Как-то ночью в два ноль два она перекатилась на Микала Марголиса и прошептала ему в ухо:
– Дорогой, знаешь, что нам нужно? – Микал Марголис затаил дыхание в предчувствии обручальных колец, детей, мелких латексно-кожаных извращений.
– Стол для снукера.
Глава 7
Братьев Галлачелли было трое: Эд, Луи и Умберто. Никто не ведал, кто из них Эд, кто Луи и кто Умберто: они были тройняшки, причем взаимонеразличимые, как горошины в стручке и дни за решеткой.
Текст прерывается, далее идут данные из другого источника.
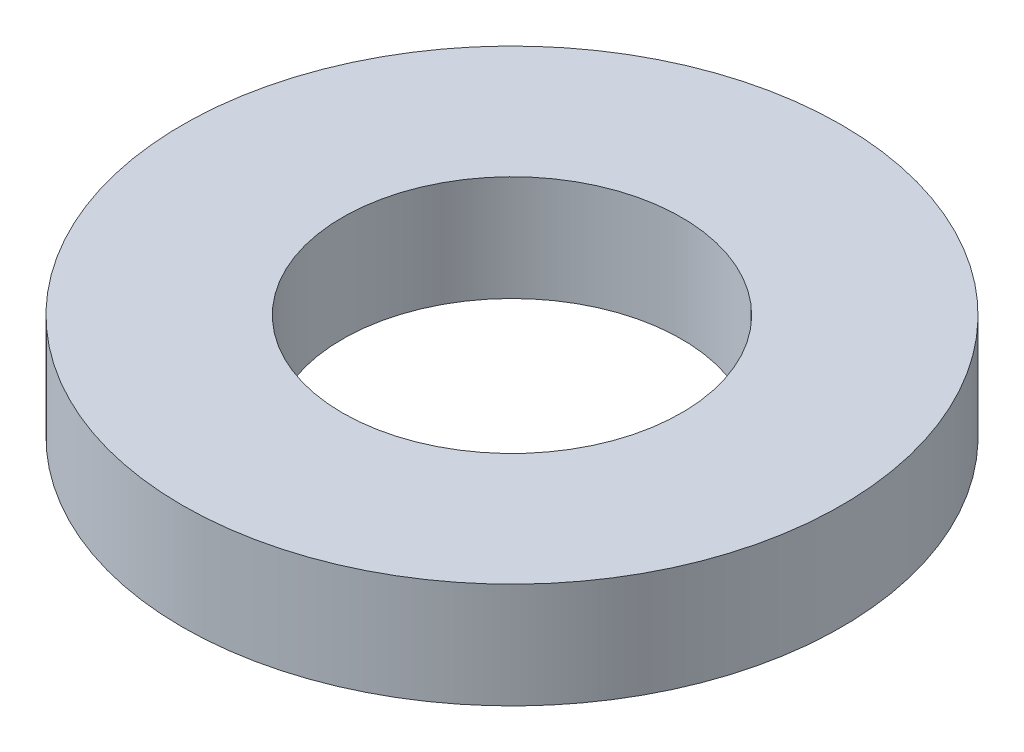
ISO-10303-21;
HEADER;
FILE_DESCRIPTION(('STEP AP214'),'2;1');
FILE_NAME('part.step','',(''),(''),'','','');
FILE_SCHEMA(('AUTOMOTIVE_DESIGN { 1 0 10303 214 1 1 1 1 }'));
ENDSEC;
DATA;
#1=APPLICATION_CONTEXT('core data for automotive mechanical design processes');
#2=APPLICATION_PROTOCOL_DEFINITION('international standard','automotive_design',2000,#1);
#3=PRODUCT_CONTEXT('',#1,'mechanical');
#4=PRODUCT('Part','Part','',(#3));
#5=PRODUCT_RELATED_PRODUCT_CATEGORY('part','',(#4));
#6=PRODUCT_DEFINITION_FORMATION('','',#4);
#7=PRODUCT_DEFINITION_CONTEXT('part definition',#1,'design');
#8=PRODUCT_DEFINITION('design','',#6,#7);
#9=PRODUCT_DEFINITION_SHAPE('','',#8);
#10=(LENGTH_UNIT() NAMED_UNIT(*) SI_UNIT(.MILLI.,.METRE.));
#11=(NAMED_UNIT(*) PLANE_ANGLE_UNIT() SI_UNIT($,.RADIAN.));
#12=(NAMED_UNIT(*) SI_UNIT($,.STERADIAN.) SOLID_ANGLE_UNIT());
#13=UNCERTAINTY_MEASURE_WITH_UNIT(LENGTH_MEASURE(1.E-05),#10,'distance_accuracy_value','');
#14=(GEOMETRIC_REPRESENTATION_CONTEXT(3) GLOBAL_UNCERTAINTY_ASSIGNED_CONTEXT((#13)) GLOBAL_UNIT_ASSIGNED_CONTEXT((#10,
#11,#12)) REPRESENTATION_CONTEXT('',''));
#15=CARTESIAN_POINT('',(0.,0.,0.));
#16=DIRECTION('',(0.,0.,1.));
#17=DIRECTION('',(1.,0.,0.));
#18=AXIS2_PLACEMENT_3D('',#15,#16,#17);
#19=CARTESIAN_POINT('',(0.,28.,0.));
#20=DIRECTION('',(0.,-1.,0.));
#21=DIRECTION('',(0.,0.,-1.));
#22=AXIS2_PLACEMENT_3D('',#19,#20,#21);
#23=CYLINDRICAL_SURFACE('',#22,87.5);
#24=CARTESIAN_POINT('',(0.,28.,0.));
#25=DIRECTION('',(0.,1.,0.));
#26=DIRECTION('',(0.,0.,1.));
#27=AXIS2_PLACEMENT_3D('',#24,#25,#26);
#28=CIRCLE('',#27,87.5);
#29=CARTESIAN_POINT('',(0.,28.,87.5));
#30=VERTEX_POINT('',#29);
#31=EDGE_CURVE('E10',#30,#30,#28,.T.);
#32=ORIENTED_EDGE('',*,*,#31,.F.);
#33=EDGE_LOOP('',(#32));
#34=FACE_BOUND('',#33,.T.);
#35=CARTESIAN_POINT('',(0.,0.,0.));
#36=DIRECTION('',(0.,1.,0.));
#37=DIRECTION('',(0.,0.,1.));
#38=AXIS2_PLACEMENT_3D('',#35,#36,#37);
#39=CIRCLE('',#38,87.5);
#40=CARTESIAN_POINT('',(0.,0.,87.5));
#41=VERTEX_POINT('',#40);
#42=EDGE_CURVE('E37',#41,#41,#39,.T.);
#43=ORIENTED_EDGE('',*,*,#42,.T.);
#44=EDGE_LOOP('',(#43));
#45=FACE_BOUND('',#44,.T.);
#46=ADVANCED_FACE('F40',(#34,#45),#23,.T.);
#47=CARTESIAN_POINT('',(0.,28.,0.));
#48=DIRECTION('',(0.,1.,0.));
#49=DIRECTION('',(0.,0.,1.));
#50=AXIS2_PLACEMENT_3D('',#47,#48,#49);
#51=PLANE('',#50);
#52=CARTESIAN_POINT('',(0.,28.,0.));
#53=DIRECTION('',(0.,1.,0.));
#54=DIRECTION('',(0.,0.,1.));
#55=AXIS2_PLACEMENT_3D('',#52,#53,#54);
#56=CIRCLE('',#55,45.);
#57=CARTESIAN_POINT('',(0.,28.,45.));
#58=VERTEX_POINT('',#57);
#59=EDGE_CURVE('E50',#58,#58,#56,.T.);
#60=ORIENTED_EDGE('',*,*,#59,.F.);
#61=EDGE_LOOP('',(#60));
#62=FACE_BOUND('',#61,.T.);
#63=ORIENTED_EDGE('',*,*,#31,.T.);
#64=EDGE_LOOP('',(#63));
#65=FACE_BOUND('',#64,.T.);
#66=ADVANCED_FACE('F59',(#62,#65),#51,.T.);
#67=CARTESIAN_POINT('',(0.,0.,0.));
#68=DIRECTION('',(0.,1.,0.));
#69=DIRECTION('',(0.,0.,1.));
#70=AXIS2_PLACEMENT_3D('',#67,#68,#69);
#71=PLANE('',#70);
#72=CARTESIAN_POINT('',(0.,0.,0.));
#73=DIRECTION('',(0.,1.,0.));
#74=DIRECTION('',(0.,0.,1.));
#75=AXIS2_PLACEMENT_3D('',#72,#73,#74);
#76=CIRCLE('',#75,45.);
#77=CARTESIAN_POINT('',(0.,0.,45.));
#78=VERTEX_POINT('',#77);
#79=EDGE_CURVE('E47',#78,#78,#76,.T.);
#80=ORIENTED_EDGE('',*,*,#79,.T.);
#81=EDGE_LOOP('',(#80));
#82=FACE_BOUND('',#81,.T.);
#83=ORIENTED_EDGE('',*,*,#42,.F.);
#84=EDGE_LOOP('',(#83));
#85=FACE_BOUND('',#84,.T.);
#86=ADVANCED_FACE('F58',(#82,#85),#71,.F.);
#87=CARTESIAN_POINT('',(0.,28.,0.));
#88=DIRECTION('',(0.,-1.,0.));
#89=DIRECTION('',(0.,0.,-1.));
#90=AXIS2_PLACEMENT_3D('',#87,#88,#89);
#91=CYLINDRICAL_SURFACE('',#90,45.);
#92=ORIENTED_EDGE('',*,*,#59,.T.);
#93=EDGE_LOOP('',(#92));
#94=FACE_BOUND('',#93,.T.);
#95=ORIENTED_EDGE('',*,*,#79,.F.);
#96=EDGE_LOOP('',(#95));
#97=FACE_BOUND('',#96,.T.);
#98=ADVANCED_FACE('F54',(#94,#97),#91,.F.);
#99=CLOSED_SHELL('',(#46,#66,#86,#98));
#100=MANIFOLD_SOLID_BREP('B2',#99);
#101=ADVANCED_BREP_SHAPE_REPRESENTATION('',(#18,#100),#14);
#102=SHAPE_DEFINITION_REPRESENTATION(#9,#101);
ENDSEC;
END-ISO-10303-21;

Братья выросли в фермерском поселке Бирма-Шейв, где у граждан было три популярных мнения на их счет. Первое: братьев нашли подкинутыми в картонном ящике на краю кукурузного поля Джованна Галлачелли. Второе: братья – нечто большее, чем тройняшки, хотя что такое это нечто, никто сказать не решался, опасаясь оскорбить праведность миссис Галлачелли. И третье: парни Галлачелли менялись личностями по крайней мере один раз после младенчества, так что Луи вырос либо Эдом, либо Умберто, Умберто – Луи или Эдом, а Эд – Умберто или Луи, плюс всевозможные последующие перестановки и обмены. Мальчики сами не знали, кто из них Эд, кто Луи и кто Умберто, а жители Бирма-Шейва были уверены, что не видали еще настолько идентичных тройняшек (клонов… ой, господи, что это я, само вылетело, нельзя такое говорить при их родителях) и столь дьявольски красивых – тоже.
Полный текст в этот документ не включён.